In verband met de daarin geformuleerde motiveringsklacht herinnert het
middel (overigens zonder vermelding van een vindplaats in de
processtukken) voorts aan het standpunt van de OR, dat de Normen
direct verband houden met de veiligheid op de werkplek (fraude en
agressie van de bezoekers) en de werkdruk van de tafelleiders en de
croupiers (meer tafels, minder toezicht etc.). Ook in het licht van
dit door de OR ten processe ingenomen standpunt is het aangevochten
oordeel echter geenszins onbegrijpelijk. De opvatting dat de Normen
("in directe of specifieke zin") tot bevordering van de veiligheid van
het in de vestigingen van Holland Casino werkzame personeel zouden
strekken, is, zoals hiervoor al aan de orde kwam, met het aangevochten
oordeel verworpen. In verband met het aspect van de werkdruk heeft het
hof in rov. 6 aannemelijk geacht
"dat de tafelleider bij de uitvoering van de Pilot Lopend Toezicht
weliswaar meer tafels onder zijn of haar hoede krijgt maar
daartegenover (in tijd) evenredig wordt gekort op de perioden van
toezicht op elk van die tafels (...)."
In rov. 7 heeft het hof vastgesteld dat de Pilot (vooral) een
wijziging van de inhoud van de door de tafelleiders te verrichten
arbeidsprestatie inhoudt. Ten slotte heeft het hof in rov. 8
geoordeeld dat
"(e)venmin kan worden gezegd dat de Normen specifiek zijn opgesteld
ten behoeve van het welzijn van het personeel, al kan de wenselijkheid
om stress te voorkomen daarbij op de achtergrond een rol hebben
gespeeld."
Kennelijk is het hof van oordeel, dat, voor zover de wenselijkheid om
stress te voorkomen al een rol heeft gespeeld bij het opstellen van de
Normen, die rol een zo ondergeschikte was, dat de Normen (en de
wijziging daarvan) niet om die reden als regeling op het gebied van de
arbeidsomstandigheden kunnen worden gekwalificeerd. Mede gelet op aan
de motivering van kort-gedinguitspraken te stellen eisen, is het
aangevochten oordeel ook in zoverre niet onbegrijpelijk of onvoldoende
gemotiveerd.
Onderdeel 2
2.8 Middelonderdeel 2 keert zich primair met een rechtsklacht en
subsidiair met een motiveringsklacht tegen 's hofs (voorlopige)
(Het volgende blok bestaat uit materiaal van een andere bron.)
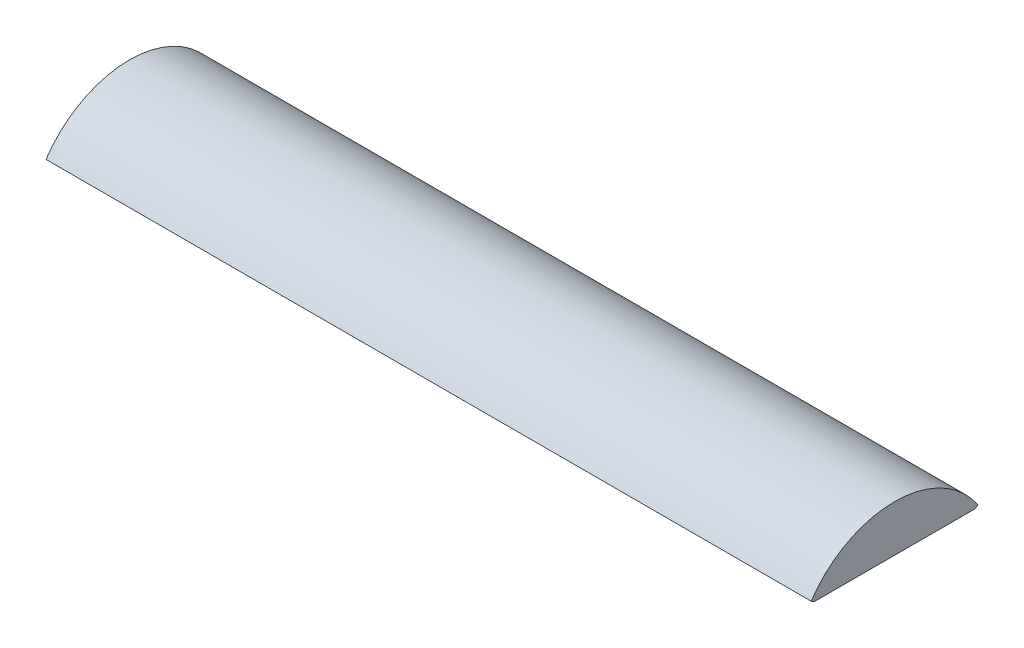
ISO-10303-21;
HEADER;
FILE_DESCRIPTION(('STEP AP214'),'2;1');
FILE_NAME('part.step','',(''),(''),'','','');
FILE_SCHEMA(('AUTOMOTIVE_DESIGN { 1 0 10303 214 1 1 1 1 }'));
ENDSEC;
DATA;
#1=APPLICATION_CONTEXT('core data for automotive mechanical design processes');
#2=APPLICATION_PROTOCOL_DEFINITION('international standard','automotive_design',2000,#1);
#3=PRODUCT_CONTEXT('',#1,'mechanical');
#4=PRODUCT('Part','Part','',(#3));
#5=PRODUCT_RELATED_PRODUCT_CATEGORY('part','',(#4));
#6=PRODUCT_DEFINITION_FORMATION('','',#4);
#7=PRODUCT_DEFINITION_CONTEXT('part definition',#1,'design');
#8=PRODUCT_DEFINITION('design','',#6,#7);
#9=PRODUCT_DEFINITION_SHAPE('','',#8);
#10=(LENGTH_UNIT() NAMED_UNIT(*) SI_UNIT(.MILLI.,.METRE.));
#11=(NAMED_UNIT(*) PLANE_ANGLE_UNIT() SI_UNIT($,.RADIAN.));
#12=(NAMED_UNIT(*) SI_UNIT($,.STERADIAN.) SOLID_ANGLE_UNIT());
#13=UNCERTAINTY_MEASURE_WITH_UNIT(LENGTH_MEASURE(1.E-05),#10,'distance_accuracy_value','');
#14=(GEOMETRIC_REPRESENTATION_CONTEXT(3) GLOBAL_UNCERTAINTY_ASSIGNED_CONTEXT((#13)) GLOBAL_UNIT_ASSIGNED_CONTEXT((#10,
#11,#12)) REPRESENTATION_CONTEXT('',''));
#15=CARTESIAN_POINT('',(0.,0.,0.));
#16=DIRECTION('',(0.,0.,1.));
#17=DIRECTION('',(1.,0.,0.));
#18=AXIS2_PLACEMENT_3D('',#15,#16,#17);
#19=CARTESIAN_POINT('',(332.5,-24.2929002979518,27.928417970611));
#20=DIRECTION('',(-1.,0.,0.));
#21=DIRECTION('',(0.,0.,1.));
#22=AXIS2_PLACEMENT_3D('',#19,#20,#21);
#23=CYLINDRICAL_SURFACE('',#22,42.1372261364792);
#24=DIRECTION('',(-1.,0.,0.));
#25=VECTOR('',#24,1.);
#26=CARTESIAN_POINT('',(332.5,-0.835051942416339,-7.07551290872727));
#27=LINE('',#26,#25);
#28=CARTESIAN_POINT('',(332.,-0.835051942416339,-7.07551290872727));
#29=VERTEX_POINT('',#28);
#30=CARTESIAN_POINT('',(0.5,-0.835051942416339,-7.07551290872727));
#31=VERTEX_POINT('',#30);
#32=EDGE_CURVE('E54',#29,#31,#27,.T.);
#33=ORIENTED_EDGE('',*,*,#32,.F.);
#34=CARTESIAN_POINT('',(332.,-24.2929002979518,27.928417970611));
#35=DIRECTION('',(1.,0.,0.));
#36=DIRECTION('',(0.,0.,1.));
#37=AXIS2_PLACEMENT_3D('',#34,#35,#36);
#38=CIRCLE('',#37,42.1372261364792);
#39=CARTESIAN_POINT('',(332.,-0.835051942416325,62.9323488499492));
#40=VERTEX_POINT('',#39);
#41=EDGE_CURVE('E114',#29,#40,#38,.T.);
#42=ORIENTED_EDGE('',*,*,#41,.T.);
#43=DIRECTION('',(-1.,0.,0.));
#44=VECTOR('',#43,1.);
#45=CARTESIAN_POINT('',(332.5,-0.835051942416325,62.9323488499492));
#46=LINE('',#45,#44);
#47=CARTESIAN_POINT('',(0.5,-0.835051942416325,62.9323488499492));
#48=VERTEX_POINT('',#47);
#49=EDGE_CURVE('E66',#40,#48,#46,.T.);
#50=ORIENTED_EDGE('',*,*,#49,.T.);
#51=CARTESIAN_POINT('',(0.5,-24.2929002979518,27.928417970611));
#52=DIRECTION('',(-1.,0.,0.));
#53=DIRECTION('',(0.,0.,-1.));
#54=AXIS2_PLACEMENT_3D('',#51,#52,#53);
#55=CIRCLE('',#54,42.1372261364792);
#56=EDGE_CURVE('E193',#48,#31,#55,.T.);
#57=ORIENTED_EDGE('',*,*,#56,.T.);
#58=EDGE_LOOP('',(#33,#42,#50,#57));
#59=FACE_BOUND('',#58,.T.);
#60=ADVANCED_FACE('F46',(#59),#23,.F.);
#61=CARTESIAN_POINT('',(332.5,0.,-8.32158202938901));
#62=DIRECTION('',(0.,-0.830712747107825,-0.55670129494422));
#63=DIRECTION('',(0.,0.55670129494422,-0.830712747107825));
#64=AXIS2_PLACEMENT_3D('',#61,#62,#63);
#65=PLANE('',#64);
#66=DIRECTION('',(0.,-0.55670129494422,0.830712747107825));
#67=VECTOR('',#66,1.);
#68=CARTESIAN_POINT('',(0.,0.,-8.32158202938901));
#69=LINE('',#68,#67);
#70=CARTESIAN_POINT('',(0.,0.,-8.32158202938901));
#71=VERTEX_POINT('',#70);
#72=CARTESIAN_POINT('',(0.,-0.835051942416339,-7.07551290872727));
#73=VERTEX_POINT('',#72);
#74=EDGE_CURVE('E174',#71,#73,#69,.T.);
#75=ORIENTED_EDGE('',*,*,#74,.F.);
#76=DIRECTION('',(-1.,0.,0.));
#77=VECTOR('',#76,1.);
#78=CARTESIAN_POINT('',(332.5,0.,-8.32158202938901));
#79=LINE('',#78,#77);
#80=CARTESIAN_POINT('',(332.5,0.,-8.32158202938901));
#81=VERTEX_POINT('',#80);
#82=EDGE_CURVE('E136',#81,#71,#79,.T.);
#83=ORIENTED_EDGE('',*,*,#82,.F.);
#84=DIRECTION('',(0.,-0.55670129494422,0.830712747107825));
#85=VECTOR('',#84,1.);
#86=CARTESIAN_POINT('',(332.5,0.,-8.32158202938901));
#87=LINE('',#86,#85);
#88=CARTESIAN_POINT('',(332.5,-0.835051942416339,-7.07551290872727));
#89=VERTEX_POINT('',#88);
#90=EDGE_CURVE('E158',#81,#89,#87,.T.);
#91=ORIENTED_EDGE('',*,*,#90,.T.);
#92=EDGE_CURVE('E11',#89,#29,#27,.T.);
#93=ORIENTED_EDGE('',*,*,#92,.T.);
#94=ORIENTED_EDGE('',*,*,#32,.T.);
#95=DIRECTION('',(-1.,0.,0.));
#96=VECTOR('',#95,1.);
#97=CARTESIAN_POINT('',(0.5,-0.835051942416339,-7.07551290872727));
#98=LINE('',#97,#96);
#99=EDGE_CURVE('E182',#31,#73,#98,.T.);
#100=ORIENTED_EDGE('',*,*,#99,.T.);
#101=EDGE_LOOP('',(#75,#83,#91,#93,#94,#100));
#102=FACE_BOUND('',#101,.T.);
#103=ADVANCED_FACE('F216',(#102),#65,.T.);
#104=CARTESIAN_POINT('',(332.5,-24.2929002979518,27.928417970611));
#105=DIRECTION('',(-1.,0.,0.));
#106=DIRECTION('',(0.,0.,1.));
#107=AXIS2_PLACEMENT_3D('',#104,#105,#106);
#108=CYLINDRICAL_SURFACE('',#107,43.6372261364792);
#109=CARTESIAN_POINT('',(0.,-24.2929002979518,27.928417970611));
#110=DIRECTION('',(-1.,0.,0.));
#111=DIRECTION('',(0.,0.,1.));
#112=AXIS2_PLACEMENT_3D('',#109,#110,#111);
#113=CIRCLE('',#112,43.6372261364792);
#114=CARTESIAN_POINT('',(0.,0.,64.178417970611));
#115=VERTEX_POINT('',#114);
#116=EDGE_CURVE('E169',#115,#71,#113,.T.);
#117=ORIENTED_EDGE('',*,*,#116,.F.);
#118=DIRECTION('',(-1.,0.,0.));
#119=VECTOR('',#118,1.);
#120=CARTESIAN_POINT('',(332.5,0.,64.178417970611));
#121=LINE('',#120,#119);
#122=CARTESIAN_POINT('',(332.5,0.,64.178417970611));
#123=VERTEX_POINT('',#122);
#124=EDGE_CURVE('E110',#123,#115,#121,.T.);
#125=ORIENTED_EDGE('',*,*,#124,.F.);
#126=CARTESIAN_POINT('',(332.5,-24.2929002979518,27.928417970611));
#127=DIRECTION('',(-1.,0.,0.));
#128=DIRECTION('',(0.,0.,1.));
#129=AXIS2_PLACEMENT_3D('',#126,#127,#128);
#130=CIRCLE('',#129,43.6372261364792);
#131=EDGE_CURVE('E129',#123,#81,#130,.T.);
#132=ORIENTED_EDGE('',*,*,#131,.T.);
#133=ORIENTED_EDGE('',*,*,#82,.T.);
#134=EDGE_LOOP('',(#117,#125,#132,#133));
#135=FACE_BOUND('',#134,.T.);
#136=ADVANCED_FACE('F221',(#135),#108,.T.);
#137=CARTESIAN_POINT('',(332.5,-0.835051942416325,62.9323488499492));
#138=DIRECTION('',(0.,-0.830712747107827,0.556701294944216));
#139=DIRECTION('',(0.,-0.556701294944216,-0.830712747107827));
#140=AXIS2_PLACEMENT_3D('',#137,#138,#139);
#141=PLANE('',#140);
#142=DIRECTION('',(0.,0.556701294944216,0.830712747107827));
#143=VECTOR('',#142,1.);
#144=CARTESIAN_POINT('',(0.,-0.835051942416325,62.9323488499492));
#145=LINE('',#144,#143);
#146=CARTESIAN_POINT('',(0.,-0.835051942416325,62.9323488499492));
#147=VERTEX_POINT('',#146);
#148=EDGE_CURVE('E133',#147,#115,#145,.T.);
#149=ORIENTED_EDGE('',*,*,#148,.F.);
#150=DIRECTION('',(-1.,0.,0.));
#151=VECTOR('',#150,1.);
#152=CARTESIAN_POINT('',(0.5,-0.835051942416325,62.9323488499492));
#153=LINE('',#152,#151);
#154=EDGE_CURVE('E122',#48,#147,#153,.T.);
#155=ORIENTED_EDGE('',*,*,#154,.F.);
#156=ORIENTED_EDGE('',*,*,#49,.F.);
#157=CARTESIAN_POINT('',(332.5,-0.835051942416325,62.9323488499492));
#158=VERTEX_POINT('',#157);
#159=EDGE_CURVE('E100',#158,#40,#46,.T.);
#160=ORIENTED_EDGE('',*,*,#159,.F.);
#161=DIRECTION('',(0.,0.556701294944216,0.830712747107827));
#162=VECTOR('',#161,1.);
#163=CARTESIAN_POINT('',(332.5,-0.835051942416325,62.9323488499492));
#164=LINE('',#163,#162);
#165=EDGE_CURVE('E125',#158,#123,#164,.T.);
#166=ORIENTED_EDGE('',*,*,#165,.T.);
#167=ORIENTED_EDGE('',*,*,#124,.T.);
#168=EDGE_LOOP('',(#149,#155,#156,#160,#166,#167));
#169=FACE_BOUND('',#168,.T.);
#170=ADVANCED_FACE('F120',(#169),#141,.T.);
#171=CARTESIAN_POINT('',(332.5,-24.2929002979518,27.928417970611));
#172=DIRECTION('',(1.,0.,0.));
#173=DIRECTION('',(0.,0.,-1.));
#174=AXIS2_PLACEMENT_3D('',#171,#172,#173);
#175=PLANE('',#174);
#176=ORIENTED_EDGE('',*,*,#165,.F.);
#177=DIRECTION('',(0.,0.,-1.));
#178=VECTOR('',#177,1.);
#179=CARTESIAN_POINT('',(332.5,-0.835051942416325,62.9323488499492));
#180=LINE('',#179,#178);
#181=EDGE_CURVE('E105',#158,#89,#180,.T.);
#182=ORIENTED_EDGE('',*,*,#181,.T.);
#183=ORIENTED_EDGE('',*,*,#90,.F.);
#184=ORIENTED_EDGE('',*,*,#131,.F.);
#185=EDGE_LOOP('',(#176,#182,#183,#184));
#186=FACE_BOUND('',#185,.T.);
#187=ADVANCED_FACE('F214',(#186),#175,.T.);
#188=CARTESIAN_POINT('',(0.,-24.2929002979518,27.928417970611));
#189=DIRECTION('',(1.,0.,0.));
#190=DIRECTION('',(0.,0.,-1.));
#191=AXIS2_PLACEMENT_3D('',#188,#189,#190);
#192=PLANE('',#191);
#193=ORIENTED_EDGE('',*,*,#74,.T.);
#194=DIRECTION('',(0.,0.,1.));
#195=VECTOR('',#194,1.);
#196=CARTESIAN_POINT('',(0.,-0.835051942416339,-7.07551290872727));
#197=LINE('',#196,#195);
#198=EDGE_CURVE('E116',#73,#147,#197,.T.);
#199=ORIENTED_EDGE('',*,*,#198,.T.);
#200=ORIENTED_EDGE('',*,*,#148,.T.);
#201=ORIENTED_EDGE('',*,*,#116,.T.);
#202=EDGE_LOOP('',(#193,#199,#200,#201));
#203=FACE_BOUND('',#202,.T.);
#204=ADVANCED_FACE('F220',(#203),#192,.F.);
#205=CARTESIAN_POINT('',(0.5,-0.835051942416339,-7.07551290872727));
#206=DIRECTION('',(0.,-1.,0.));
#207=DIRECTION('',(0.,0.,-1.));
#208=AXIS2_PLACEMENT_3D('',#205,#206,#207);
#209=PLANE('',#208);
#210=ORIENTED_EDGE('',*,*,#198,.F.);
#211=ORIENTED_EDGE('',*,*,#99,.F.);
#212=DIRECTION('',(0.,0.,1.));
#213=VECTOR('',#212,1.);
#214=CARTESIAN_POINT('',(0.5,-0.835051942416339,-7.07551290872727));
#215=LINE('',#214,#213);
#216=EDGE_CURVE('E187',#31,#48,#215,.T.);
#217=ORIENTED_EDGE('',*,*,#216,.T.);
#218=ORIENTED_EDGE('',*,*,#154,.T.);
#219=EDGE_LOOP('',(#210,#211,#217,#218));
#220=FACE_BOUND('',#219,.T.);
#221=ADVANCED_FACE('F223',(#220),#209,.T.);
#222=CARTESIAN_POINT('',(0.5,-24.2929002979518,27.928417970611));
#223=DIRECTION('',(1.,0.,0.));
#224=DIRECTION('',(0.,0.,-1.));
#225=AXIS2_PLACEMENT_3D('',#222,#223,#224);
#226=PLANE('',#225);
#227=ORIENTED_EDGE('',*,*,#56,.F.);
#228=ORIENTED_EDGE('',*,*,#216,.F.);
#229=EDGE_LOOP('',(#227,#228));
#230=FACE_BOUND('',#229,.T.);
#231=ADVANCED_FACE('F226',(#230),#226,.T.);
#232=CARTESIAN_POINT('',(332.,-0.835051942416325,62.9323488499492));
#233=DIRECTION('',(0.,-1.,0.));
#234=DIRECTION('',(0.,0.,-1.));
#235=AXIS2_PLACEMENT_3D('',#232,#233,#234);
#236=PLANE('',#235);
#237=ORIENTED_EDGE('',*,*,#181,.F.);
#238=ORIENTED_EDGE('',*,*,#159,.T.);
#239=DIRECTION('',(0.,0.,-1.));
#240=VECTOR('',#239,1.);
#241=CARTESIAN_POINT('',(332.,-0.835051942416325,62.9323488499492));
#242=LINE('',#241,#240);
#243=EDGE_CURVE('E104',#40,#29,#242,.T.);
#244=ORIENTED_EDGE('',*,*,#243,.T.);
#245=ORIENTED_EDGE('',*,*,#92,.F.);
#246=EDGE_LOOP('',(#237,#238,#244,#245));
#247=FACE_BOUND('',#246,.T.);
#248=ADVANCED_FACE('F102',(#247),#236,.T.);
#249=CARTESIAN_POINT('',(332.,-24.2929002979518,27.928417970611));
#250=DIRECTION('',(-1.,0.,0.));
#251=DIRECTION('',(0.,0.,1.));
#252=AXIS2_PLACEMENT_3D('',#249,#250,#251);
#253=PLANE('',#252);
#254=ORIENTED_EDGE('',*,*,#41,.F.);
#255=ORIENTED_EDGE('',*,*,#243,.F.);
#256=EDGE_LOOP('',(#254,#255));
#257=FACE_BOUND('',#256,.T.);
#258=ADVANCED_FACE('F113',(#257),#253,.T.);
#259=CLOSED_SHELL('',(#60,#103,#136,#170,#187,#204,#221,#231,#248,#258));
#260=MANIFOLD_SOLID_BREP('B2',#259);
#261=ADVANCED_BREP_SHAPE_REPRESENTATION('',(#18,#260),#14);
#262=SHAPE_DEFINITION_REPRESENTATION(#9,#261);
ENDSEC;
END-ISO-10303-21;

oordeel in rov. 9 dat bij een voorziening als bedoeld in art. 27 lid 1
sub l WOR valt te denken aan hulpmiddelen van technische aard c.q.
apparatuur, bestemd en geschikt voor waarneming of controle zoals in
die bepaling bedoeld. Volgens het onderdeel ziet art. 27 lid 1 sub l
WOR niet alleen op hulpmiddelen van technische aard c.q. apparatuur.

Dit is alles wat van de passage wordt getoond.